Semana de 02 a 08 de agosto de 2021
Lucas Milanez de Lima
Almeida [i]
Não é
de hoje que vemos todo um estigma social em torno do funcionalismo público e
das empresas estatais. Os rótulos vão desde a ineficiência ao mero cabide de
empregos, passando, claro, pelo princípio de que na coisa pública há corrupção,
até que se prove o contrário. É nessa pororoca que Paulo Guedes e sua turma
querem surfar. Na semana que passou, ganharam destaque dois casos: a Reforma
Administrativa e a privatização dos Correios.
Sem
abordar nenhuma proposta em específico, decidi tratar aqui dos argumentos do
passado, mas que não se repetem e não servem de sustentação dessas medidas de
hoje.
O
princípio das reformas que “racionalizaram” a administração pública e
privatizaram as empresas estatais está assentado no que ficou conhecido como
Consenso de Washington. Esse “Consenso” foi, na verdade, um conjunto de
orientações surgidas já na década de 1980 e organizadas nos anos de 1990 por
países ricos para que os países pobres pudessem alcançar o “desenvolvimento”. É
isso mesmo, ninguém melhor do que EUA, Inglaterra e Alemanha para dizer o que é
melhor para Brasil, Argentina e México...
As
“recomendações”, na prática, foram imposições. Ao longo dos anos 1980, a
economia brasileira estava fortemente endividada, dentro e fora do país. Ou
seja, estávamos devendo muito em moeda local e em dólares. Na época era
recorrente o governo brasileiro imprimir dinheiro para pagar suas contas dentro
do país. Mas, quando o negócio era pagar as contas externas, claro que o Brasil
não podia imprimir dólares. A única forma de obter divisas era realizar
transações externas. A mais comum são as exportações, onde brasileiros vendem
para estrangeiros e recebem em dólares. Temos também a entrada de investimento
estrangeiro em negócios no país e ainda a tomada de empréstimos diretamente de instituições
financeiras. E foi aqui que surgiu a pressão externa pelas “Reformas” que ainda
atormentam o Brasil.
Qualquer
pessoa que já foi a um banco pedir empréstimo sabe o tanto de garantias que são
exigidas no contrato, que vão de bens até um corajoso fiador que assumiria as
dívidas, caso o banco leve o calote. Pois bem, com os países e os credores
internacionais não é diferente. Para ceder recursos, instituições como FMI e
Banco Mundial fazem uma lista de exigências aos países que precisam do dinheiro.

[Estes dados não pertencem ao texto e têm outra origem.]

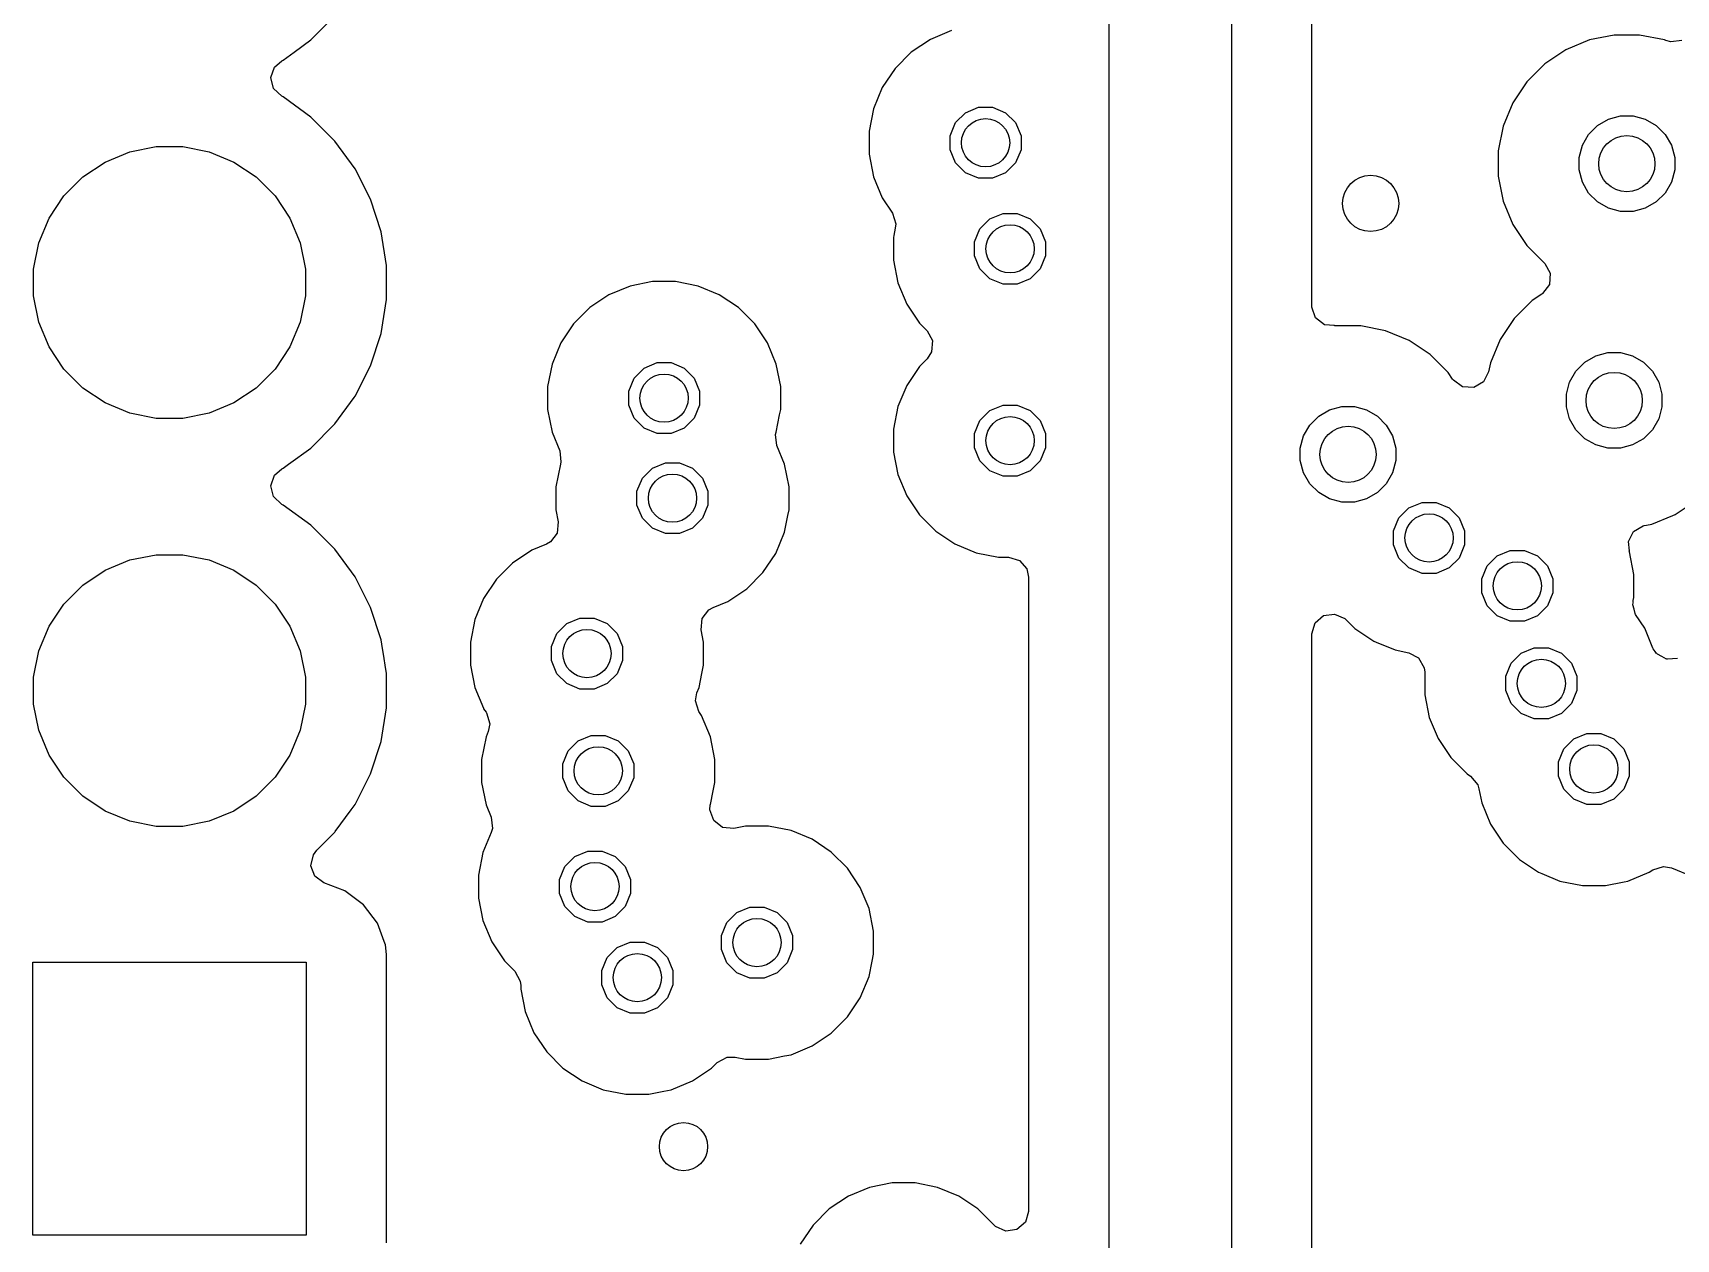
# Model space of a CAD drawing. Header units: inches. Extents: x 5.12 to 6.15, y -4.12 to -1.79.
# Drawn here: x 5.1426 to 5.5452, y -3.2447 to -2.9491 of the extents above; entities that cross this region are included whole.
import ezdxf

# ---------------------------------------------------------------- set-up
doc = ezdxf.new("R2010")
doc.units = ezdxf.units.IN
doc.header["$MEASUREMENT"] = 0
doc.layers.add('In2.Cu', color=33, linetype='CONTINUOUS', true_color=0xce7d2c)

msp = doc.modelspace()

# ---------------------------------------------------------------- linework, layer by layer
at = {"layer": 'In2.Cu', "linetype": 'CONTINUOUS'}
for p, q in [((5.40624, -3.34324), (5.40624, -2.67203)), ((5.43624, -2.67824), (5.43624, -3.33703)), ((5.45594, -3.01604), (5.45594, -2.94046)), ((5.2107, -2.95081), (5.21661, -2.9449)), ((5.20657, -2.95381), (5.2107, -2.95081)), ((5.2107, -2.95081), (5.2107, -2.95081)), ((5.2107, -2.95081), (5.2107, -2.95081)), ((5.36247, -2.95069), (5.35779, -2.95381)), ((5.36767, -2.94853), (5.36247, -2.95069)), ((5.36247, -2.95069), (5.36247, -2.95069)), ((5.52392, -2.95082), (5.51819, -2.9532)), ((5.53001, -2.94961), (5.52392, -2.95082)), ((5.52392, -2.95082), (5.52392, -2.95082)), ((5.53622, -2.94961), (5.53001, -2.94961)), ((5.53001, -2.94961), (5.53001, -2.94961)), ((5.54231, -2.95082), (5.53622, -2.94961)), ((5.53622, -2.94961), (5.53622, -2.94961)), ((5.54269, -2.95098), (5.54231, -2.95082)), ((5.54231, -2.95082), (5.54231, -2.95082)), ((5.54231, -2.95082), (5.54231, -2.95082)), ((5.54231, -2.95082), (5.54231, -2.95082)), ((5.54231, -2.95082), (5.54231, -2.95082)), ((5.54658, -2.95091), (5.54386, -2.9513)), ((5.20393, -2.95573), (5.20657, -2.95381)), ((5.35779, -2.95381), (5.35381, -2.95779)), ((5.35779, -2.95381), (5.35779, -2.95381)), ((5.51819, -2.9532), (5.51302, -2.95665)), ((5.51819, -2.9532), (5.51819, -2.9532)), ((5.54386, -2.9513), (5.54269, -2.95098)), ((5.20092, -2.96005), (5.20181, -2.95745)), ((5.20181, -2.95745), (5.20358, -2.95591)), ((5.20358, -2.95591), (5.20393, -2.95573)), ((5.35381, -2.95779), (5.35069, -2.96247)), ((5.35381, -2.95779), (5.35381, -2.95779)), ((5.51302, -2.95665), (5.50863, -2.96104)), ((5.51302, -2.95665), (5.51302, -2.95665)), ((5.20158, -2.96272), (5.20092, -2.96005)), ((5.20358, -2.96461), (5.20158, -2.96272)), ((5.35069, -2.96247), (5.34853, -2.96767)), ((5.35069, -2.96247), (5.35069, -2.96247)), ((5.50863, -2.96104), (5.50519, -2.9662)), ((5.50863, -2.96104), (5.50863, -2.96104)), ((5.2039, -2.96477), (5.20358, -2.96461)), ((5.20393, -2.96478), (5.2039, -2.96477)), ((5.2107, -2.9697), (5.20393, -2.96478)), ((5.50518, -2.9662), (5.50281, -2.97193)), ((5.50519, -2.9662), (5.50518, -2.9662)), ((5.21661, -2.97562), (5.2107, -2.9697)), ((5.34853, -2.96767), (5.34744, -2.97319)), ((5.34853, -2.96767), (5.34853, -2.96767)), ((5.36863, -2.97108), (5.37108, -2.96863)), ((5.37108, -2.96863), (5.37427, -2.96731)), ((5.37427, -2.96731), (5.37773, -2.96731)), ((5.37773, -2.96731), (5.38092, -2.96863)), ((5.38092, -2.96863), (5.38337, -2.97108)), ((5.52592, -2.97176), (5.52859, -2.97022)), ((5.52859, -2.97022), (5.53157, -2.96942)), ((5.53157, -2.96942), (5.53466, -2.96942)), ((5.53466, -2.96942), (5.53763, -2.97022)), ((5.53763, -2.97022), (5.5403, -2.97176)), ((5.34744, -2.97319), (5.34744, -2.97319)), ((5.34744, -2.97319), (5.34744, -2.97881)), ((5.36731, -2.97427), (5.36863, -2.97108)), ((5.36731, -2.97773), (5.36731, -2.97427)), ((5.38337, -2.97108), (5.38469, -2.97427)), ((5.38469, -2.97427), (5.38469, -2.97773)), ((5.50281, -2.97194), (5.5016, -2.97802)), ((5.50281, -2.97193), (5.50281, -2.97194)), ((5.5222, -2.97661), (5.52374, -2.97394)), ((5.52374, -2.97394), (5.52592, -2.97176)), ((5.5403, -2.97176), (5.54248, -2.97394)), ((5.54248, -2.97394), (5.54403, -2.97661)), ((5.16028, -2.98075), (5.16634, -2.97824)), ((5.16634, -2.97824), (5.17278, -2.97696)), ((5.17278, -2.97696), (5.17934, -2.97696)), ((5.17934, -2.97696), (5.18577, -2.97824)), ((5.18577, -2.97824), (5.19183, -2.98075)), ((5.22153, -2.98239), (5.21661, -2.97562)), ((5.34744, -2.97881), (5.34744, -2.97881)), ((5.34744, -2.97881), (5.34744, -2.97881)), ((5.34744, -2.97881), (5.34853, -2.98433)), ((5.36863, -2.98092), (5.36731, -2.97773)), ((5.38469, -2.97773), (5.38337, -2.98092)), ((5.5016, -2.97802), (5.5016, -2.98423)), ((5.5214, -2.97959), (5.5222, -2.97661)), ((5.54403, -2.97661), (5.54482, -2.97959)), ((5.15483, -2.98439), (5.16028, -2.98075)), ((5.19183, -2.98075), (5.19729, -2.98439)), ((5.22533, -2.98985), (5.22153, -2.98239)), ((5.22153, -2.98239), (5.22153, -2.98239)), ((5.22153, -2.98239), (5.22153, -2.98239)), ((5.37108, -2.98337), (5.36863, -2.98092)), ((5.38337, -2.98092), (5.38092, -2.98337)), ((5.5214, -2.98267), (5.5214, -2.97959)), ((5.5222, -2.98565), (5.5214, -2.98267)), ((5.54482, -2.98267), (5.54403, -2.98565)), ((5.54482, -2.97959), (5.54482, -2.98267)), ((5.15019, -2.98903), (5.15483, -2.98439)), ((5.19729, -2.98439), (5.20193, -2.98903)), ((5.34853, -2.98433), (5.34853, -2.98433)), ((5.34853, -2.98433), (5.35069, -2.98953)), ((5.37427, -2.98469), (5.37108, -2.98337)), ((5.37773, -2.98469), (5.37427, -2.98469)), ((5.38092, -2.98337), (5.37773, -2.98469)), ((5.5016, -2.98423), (5.50281, -2.99032)), ((5.52374, -2.98832), (5.5222, -2.98565)), ((5.54403, -2.98565), (5.54248, -2.98832)), ((5.14655, -2.99448), (5.15019, -2.98903)), ((5.20193, -2.98903), (5.20557, -2.99448)), ((5.22792, -2.99781), (5.22533, -2.98985)), ((5.35069, -2.98953), (5.35069, -2.98953)), ((5.35069, -2.98953), (5.35316, -2.99323)), ((5.50281, -2.99032), (5.50281, -2.99032)), ((5.50281, -2.99032), (5.50518, -2.99606)), ((5.52592, -2.9905), (5.52374, -2.98832)), ((5.52859, -2.99204), (5.52592, -2.9905)), ((5.5403, -2.9905), (5.53763, -2.99204)), ((5.54248, -2.98832), (5.5403, -2.9905)), ((5.14404, -3.00054), (5.14655, -2.99448)), ((5.20557, -2.99448), (5.20808, -3.00054)), ((5.35316, -2.99323), (5.35399, -2.99586)), ((5.37463, -2.99708), (5.37708, -2.99463)), ((5.37708, -2.99463), (5.38027, -2.99331)), ((5.38027, -2.99331), (5.38373, -2.99331)), ((5.38373, -2.99331), (5.38692, -2.99463)), ((5.38692, -2.99463), (5.38937, -2.99708)), ((5.53157, -2.99284), (5.52859, -2.99204)), ((5.53466, -2.99284), (5.53157, -2.99284)), ((5.53763, -2.99204), (5.53466, -2.99284)), ((5.22923, -3.00607), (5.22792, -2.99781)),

Caso as obrigações não sejam cumpridas, nada de verba. Isso aconteceu com
bastante frequência no Brasil nos anos de 1980 e se aprofundou nos anos de
1990. No começo, o Brasil não conseguiu dar conta das exigências, tanto que
nenhum acordo com o FMI foi feito até o final nos anos 80. Nos anos 1990 foi
diferente. Para conseguir os recursos, nos governos de FHC cumpriu-se (quase)
tudo à risca, continuando e aprofundando as reformas iniciadas por Fernando
Collor. Em especial, as privatizações e a entrada maciça de capital estrangeiro
no país.
Internamente,
o argumento era de que as estatais eram ineficientes. De fato, não tinha como
defender boa parte das empresas à época, pois dois elementos foram fundamentais
para seu sucateamento. Primeiro, as estatais quase sempre foram usadas para
subsidiar grandes empresas. Como? Por meio da cobrança de preços tão baixos que
mal cobriam os seus custos. Em épocas de alta inflação, como nos anos 80 e 90,
isso foi ainda mais intenso. Segundo, no fim dos anos 1970 as estatais passaram
a se financiar, principalmente, através de dívidas adquiridas no exterior. Por
quê? O motivo é que havia muito dinheiro no sistema financeiro internacional,
os juros estavam baratos e o Brasil precisava trazer dólares de alguma forma. O
problema é que o cenário favorável virou, as dívidas estouraram e, cobrando
preços artificialmente baixos, as estatais não conseguiram se manter.
Resultado: muitas foram vendidas a preço de banana.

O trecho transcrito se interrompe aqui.